Isolate every line in the data with the string "code" and copy it.

Dataset records
- Opening Delimiter -

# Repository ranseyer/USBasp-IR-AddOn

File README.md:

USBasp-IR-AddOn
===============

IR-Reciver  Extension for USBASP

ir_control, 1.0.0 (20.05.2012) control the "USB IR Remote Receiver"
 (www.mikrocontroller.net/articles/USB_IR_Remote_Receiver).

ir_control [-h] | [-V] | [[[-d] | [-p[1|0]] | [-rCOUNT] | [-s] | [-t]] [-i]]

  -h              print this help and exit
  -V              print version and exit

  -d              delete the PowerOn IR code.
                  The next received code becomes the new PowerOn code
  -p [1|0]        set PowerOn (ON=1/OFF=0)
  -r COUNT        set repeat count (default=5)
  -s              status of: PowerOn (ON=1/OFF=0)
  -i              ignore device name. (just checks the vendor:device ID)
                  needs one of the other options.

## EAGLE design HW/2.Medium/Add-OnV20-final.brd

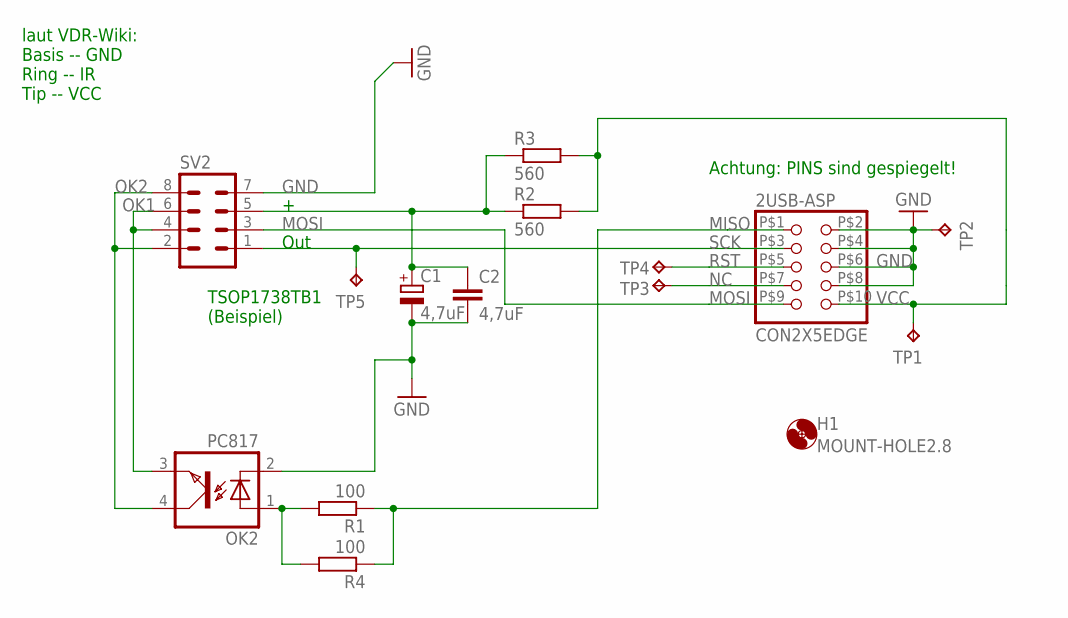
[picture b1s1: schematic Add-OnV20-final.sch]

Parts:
2USB-ASP: CON2X5EDGE
C1: 4,7uF; E1,8-4
C2: 4,7uF; C1206K
H1: MOUNT-HOLE2.8; 2,8
OK2: PC817; DIL04
R1: 100; 0204/7
R2: 560; 0204/7
R3: 560; R0805W
R4: 100; R0805W
SV2: MA04-2
TP1, TP2, TP3, TP4, TP5: TPB1,27; B1,27

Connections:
GND: 2USB-ASP.P$2 (2), 2USB-ASP.P$4 (4), 2USB-ASP.P$6 (6), 2USB-ASP.P$8 (8), C1.-, C2.2, OK2.2 (C), SV2.7, TP2.TP
MISO: 2USB-ASP.P$1 (1), R1.1, R4.1
MOSI: 2USB-ASP.P$9 (9), SV2.3
unnamed: C1.+, C2.1, R2.1, R3.1, SV2.5
unnamed: OK2.1 (A), R1.2, R4.2
NC: 2USB-ASP.P$7 (7), TP3.TP
OK1: OK2.3 (EMIT), SV2.4, SV2.6
OK2: OK2.4 (COL), SV2.2, SV2.8
RST: 2USB-ASP.P$5 (5), TP4.TP
SCK: 2USB-ASP.P$3 (3), SV2.1, TP5.TP
VCC: 2USB-ASP.P$10 (10), R2.2, R3.2, TP1.TP

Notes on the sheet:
Achtung: PINS sind gespiegelt!
Out
laut VDR-Wiki: Basis -- GND Ring -- IR Tip -- VCC
TSOP1738TB1 (Beispiel)

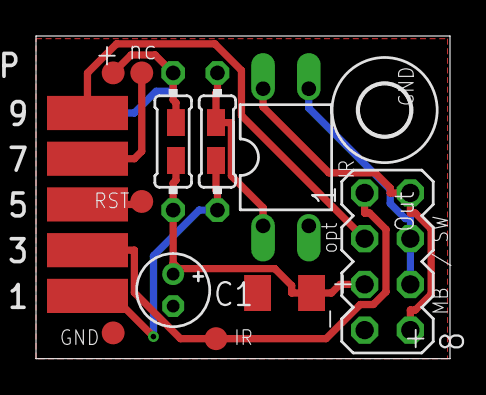
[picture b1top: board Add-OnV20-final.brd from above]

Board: 2 copper layers, 23.0 x 17.9 mm, 15 parts (0 on the bottom side), 11 nets.

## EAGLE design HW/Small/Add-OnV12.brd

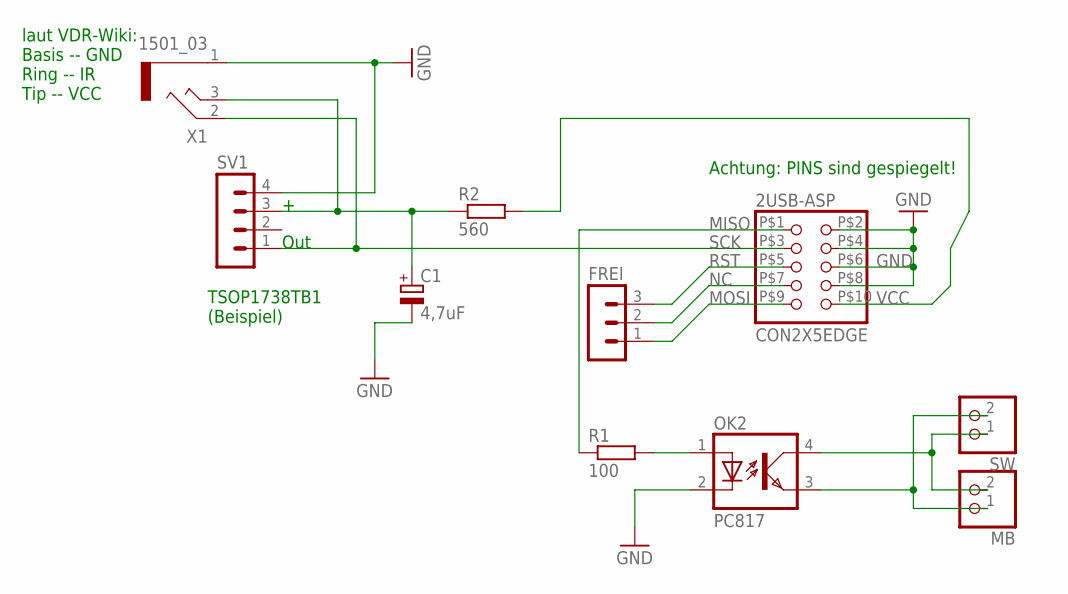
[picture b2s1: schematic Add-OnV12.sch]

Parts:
2USB-ASP: CON2X5EDGE
C1: 4,7uF; E1,8-4
FREI: MA03-1
MB: PINHD-1X2; 1X02
OK2: PC817; DIL04
R1: 100; 0204V
R2: 560; 0204V
SV1: MA04-1
SW: PINHD-1X2; 1X02
X1: 1501_03

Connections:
GND: 2USB-ASP.P$2 (2), 2USB-ASP.P$4 (4), 2USB-ASP.P$6 (6), 2USB-ASP.P$8 (8), C1.-, OK2.2 (C), SV1.4, X1.1
MISO: 2USB-ASP.P$1 (1), R1.1
MOSI: 2USB-ASP.P$9 (9), FREI.1
unnamed: C1.+, R2.1, SV1.3, X1.3
unnamed: OK2.1 (A), R1.2
unnamed: MB.2, OK2.4 (COL), SW.1
unnamed: MB.1, OK2.3 (EMIT), SW.2
NC: 2USB-ASP.P$7 (7), FREI.2
RST: 2USB-ASP.P$5 (5), FREI.3
SCK: 2USB-ASP.P$3 (3), SV1.1, X1.2
VCC: 2USB-ASP.P$10 (10), R2.2

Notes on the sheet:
Achtung: PINS sind gespiegelt!
Out
laut VDR-Wiki: Basis -- GND Ring -- IR Tip -- VCC
TSOP1738TB1 (Beispiel)

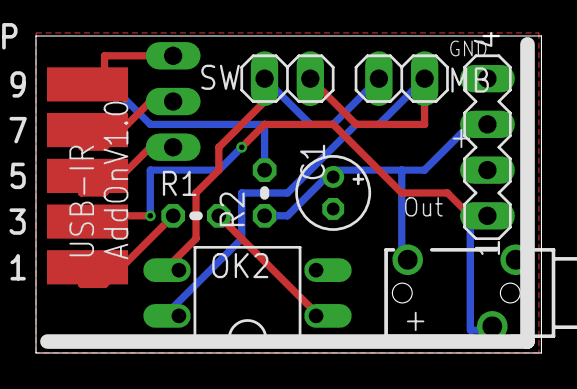
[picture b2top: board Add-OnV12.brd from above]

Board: 2 copper layers, 28.1 x 17.6 mm, 10 parts (1 on the bottom side), 11 nets.

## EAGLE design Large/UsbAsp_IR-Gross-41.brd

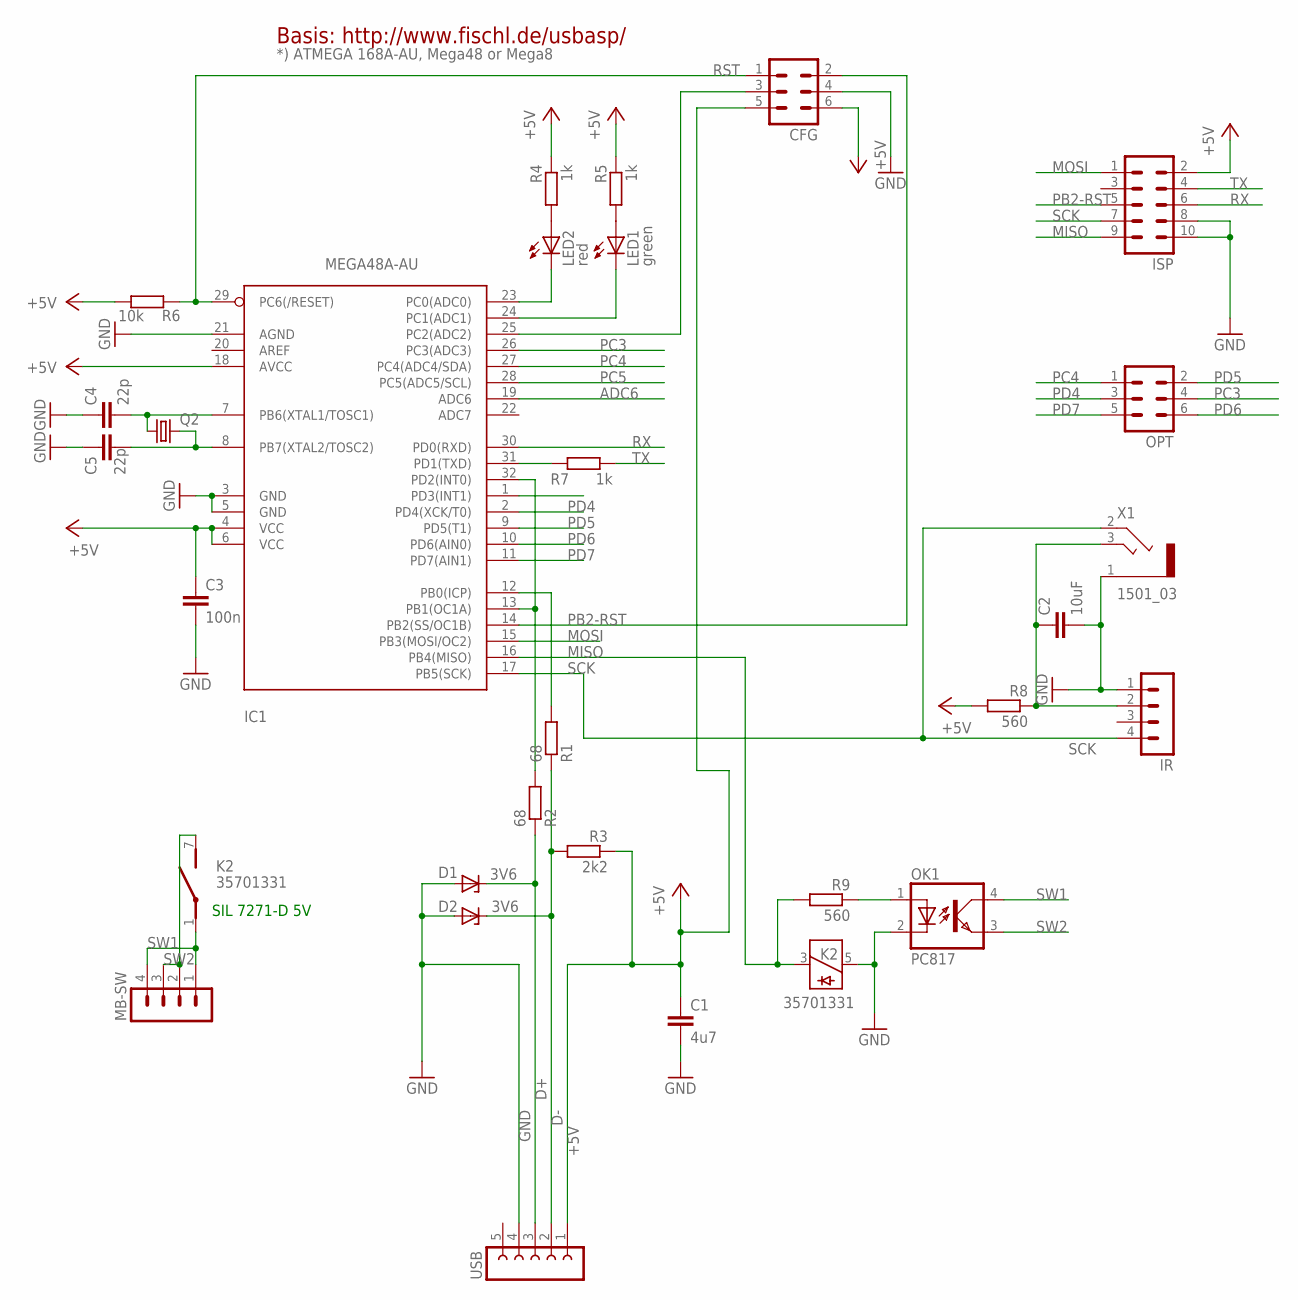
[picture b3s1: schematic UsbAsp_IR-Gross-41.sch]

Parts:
C1: 4u7; C0805
C2: 10uF; C1210
C3: 100n; C0805
C4, C5: 22p; C0805
CFG: MA03-2
D1, D2: 3V6; SOD80C
IC1: MEGA48A-AU; TQFP32-08
IR: MA04-1
ISP: MA05-2
K2: 35701331; REED
LED1: green; CHIPLED_1206
LED2: red; CHIPLED_1206
MB-SW: MA04-1
OK1: PC817; DIL04
OPT: MA03-2
Q2: CRYSTALHC49UP; HC49UP
R1, R2: 68; M0805
R3: 2k2; M0805
R4, R5, R7: 1k; M0805
R6: 10k; M0805
R8, R9: 560; M0805
USB: FE05W
X1: 1501_03

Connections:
+5V: C1.1, C3.1, CFG.5, CFG.6, IC1.4 (VCC), IC1.6 (VCC), IC1.18 (AVCC), ISP.2, R3.1, R4.1, R5.1, R6.1, R8.2, USB.1
ADC6: IC1.19 (ADC6)
D+: D1.C, R2.1, USB.3
D-: D2.C, R1.1, R3.2, USB.2
GND: C1.2, C2.2, C3.2, C4.1, C5.1, CFG.4, D1.A, D2.A, IC1.3 (GND), IC1.5 (GND), IC1.21 (AGND), IR.1, ISP.8, ISP.10, K2.5, OK1.2 (C), USB.4, X1.1
MISO: IC1.16 (PB4(MISO)), ISP.9, K2.3, R9.2
MOSI: IC1.15 (PB3(MOSI/OC2)), ISP.1
unnamed: OK1.1 (A), R9.1
unnamed: CFG.3, IC1.25 (PC2(ADC2))
unnamed: C2.1, IR.2, R8.1, X1.3
unnamed: IC1.31 (PD1(TXD)), R7.2
unnamed: IC1.13 (PB1(OC1A)), IC1.32 (PD2(INT0)), R2.2
unnamed: LED2.A, R4.2
unnamed: IC1.23 (PC0(ADC0)), LED2.C
unnamed: IC1.24 (PC1(ADC1)), LED1.C
unnamed: IC1.12 (PB0(ICP)), R1.2
unnamed: C4.2, IC1.7 (PB6(XTAL1/TOSC1)), Q2.1
unnamed: C5.2, IC1.8 (PB7(XTAL2/TOSC2)), Q2.2
unnamed: LED1.A, R5.2
PB2-RST: CFG.2, IC1.14 (PB2(SS/OC1B)), ISP.5
PC3: IC1.26 (PC3(ADC3)), OPT.4
PC4: IC1.27 (PC4(ADC4/SDA)), OPT.1
PC5: IC1.28 (PC5(ADC5/SCL))
PD4: IC1.2 (PD4(XCK/T0)), OPT.3
PD5: IC1.9 (PD5(T1)), OPT.2
PD6: IC1.10 (PD6(AIN0)), OPT.6
PD7: IC1.11 (PD7(AIN1)), OPT.5
RST: CFG.1, IC1.29 (PC6(/RESET)), R6.2
RX: IC1.30 (PD0(RXD)), ISP.6
SCK: IC1.17 (PB5(SCK)), IR.4, ISP.7, X1.2
SW1: K2.1, MB-SW.1, MB-SW.4, OK1.4 (COL)
SW2: K2.7 (S), MB-SW.2, MB-SW.3, OK1.3 (EMIT)
TX: ISP.4, R7.1

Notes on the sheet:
Basis: http://www.fischl.de/usbasp/
*) ATMEGA 168A-AU, Mega48 or Mega8
SIL 7271-D 5V

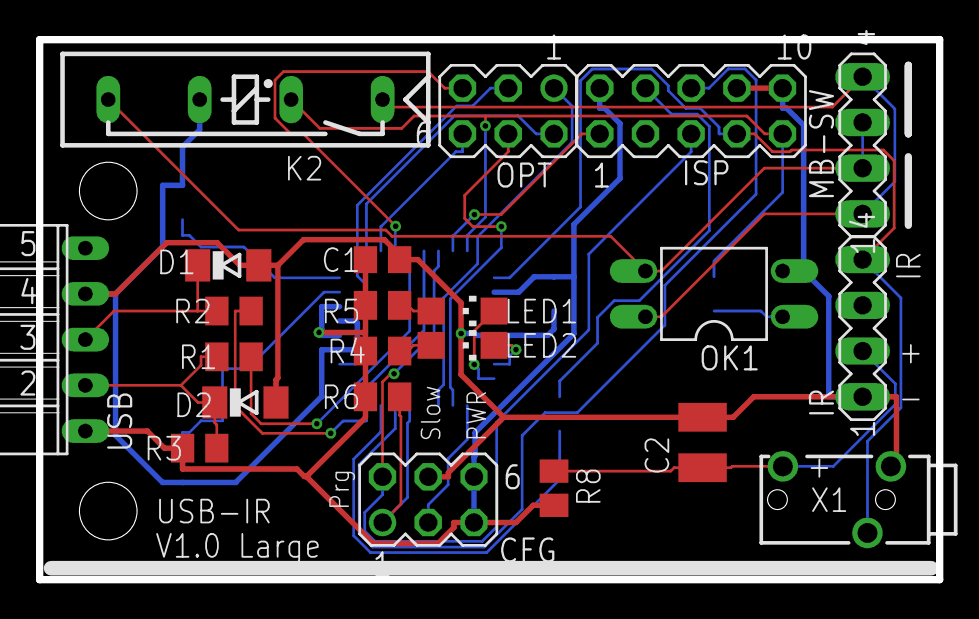
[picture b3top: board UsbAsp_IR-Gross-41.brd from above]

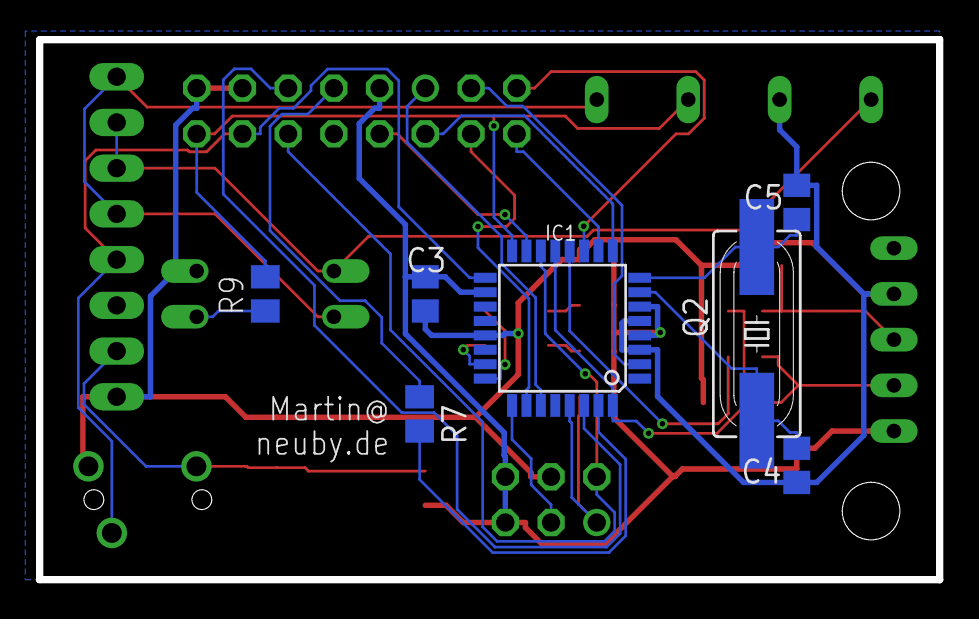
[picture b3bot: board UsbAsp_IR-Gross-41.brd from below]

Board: 2 copper layers, 50.0 x 30.0 mm, 29 parts (7 on the bottom side), 31 nets.

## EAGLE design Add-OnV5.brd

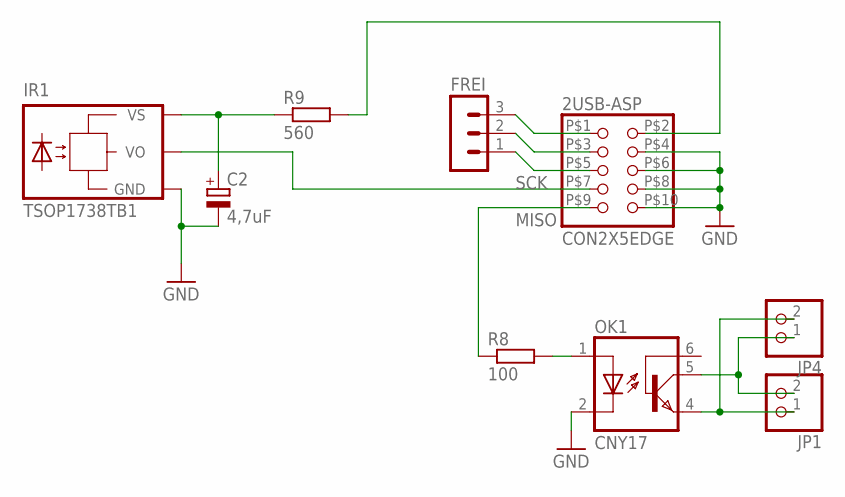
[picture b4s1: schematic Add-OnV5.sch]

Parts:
2USB-ASP: CON2X5EDGE
C2: 4,7uF; E1,8-4
FREI: MA03-1
IR1: TSOP1738TB1; TSOP17_TB1
JP1, JP4: PINHD-1X2; 1X02
OK1: CNY17; DIL06
R8: 100; 0204/7
R9: 560; 0204/7

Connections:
GND: 2USB-ASP.P$4 (4), 2USB-ASP.P$6 (6), 2USB-ASP.P$8 (8), 2USB-ASP.P$10 (10), C2.-, IR1.GND, OK1.2 (C)
MISO: 2USB-ASP.P$9 (9), R8.1
unnamed: C2.+, IR1.VS, R9.1
unnamed: OK1.1 (A), R8.2
unnamed: JP1.2, JP4.1, OK1.5 (COL)
unnamed: JP1.1, JP4.2, OK1.4 (EMI)
unnamed: 2USB-ASP.P$2 (2), R9.2
unnamed: 2USB-ASP.P$5 (5), FREI.1
unnamed: 2USB-ASP.P$3 (3), FREI.2
unnamed: 2USB-ASP.P$1 (1), FREI.3
SCK: 2USB-ASP.P$7 (7), IR1.VO

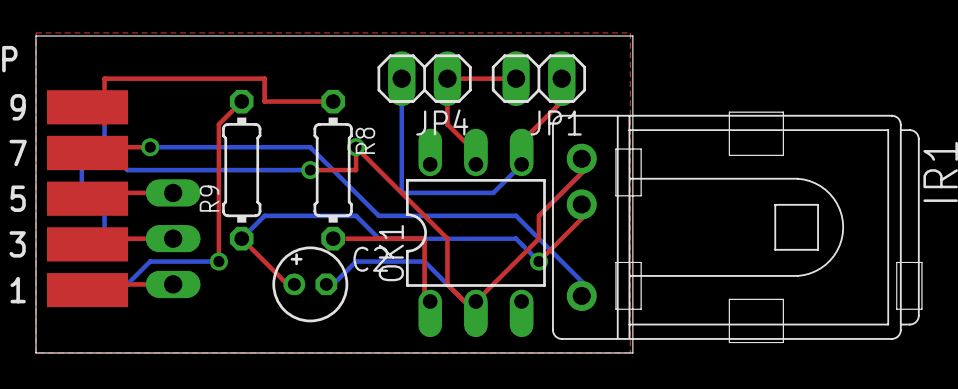
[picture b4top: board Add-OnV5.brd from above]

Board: 2 copper layers, 49.2 x 17.6 mm, 9 parts (1 on the bottom side), 11 nets.

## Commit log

2013-03-21 1st Upload
2013-03-22 Optimized
2013-03-24 Mirrored Plug
    for using the the cable of USB-ASP...
2013-03-24 Mini-Version
    Use without Cable
2013-03-24 Mini as JPG...
2013-03-29 Large
    +Cleanup
2013-03-29 Large Images
2013-04-07 Partlists
2013-04-12 Final Layout
2013-05-05 Missing BRD
2013-11-17 Doku
2013-11-17 cleanup
2013-11-17 Reorg+Software
2013-11-20 Mini V1.1
2013-12-19 Fix PortD
    PORTD &=~(1<<PD2); /* deactivate pull-up on int0 line */
2013-12-23 Update Doku
2014-01-03 fix ir_control 1st try
2014-01-03 IR-Control: added "repeat"
    Thanks to Wirbel und Bleifuss2
2014-01-04 Fix Repeat Rate
    Thanks again to Wirbel + Bleifuss2
2014-01-25 Repeat rate fix by woggle
    From here
    http://www.vdr-portal.de/board16-video-disk-recorder/board4-vdr-installation/p1183244-gel%C3%B6st-samsung-fernbedienung-mit-usb-ir-receiver-einrichten/#post1183244
2014-03-16 m168
    Binarys
2014-03-31 New Layout V2
2014-03-31 Mega168-Large
    with more Remotes...
2014-05-13 Optimized V2
2014-11-01 Slotblech (Draft)
2014-11-01 FiX Repeat Rate by hitman47
    Source:
    http://www.easy-vdr.de/forum/index.php?topic=16032.msg153985#msg153985
2014-12-04 Mega8 Fix
2014-12-15 Doku +/- changed

- Closing Delimiter -

### OUTPUT FOR THIS TASK
  -d              delete the PowerOn IR code.
                  The next received code becomes the new PowerOn code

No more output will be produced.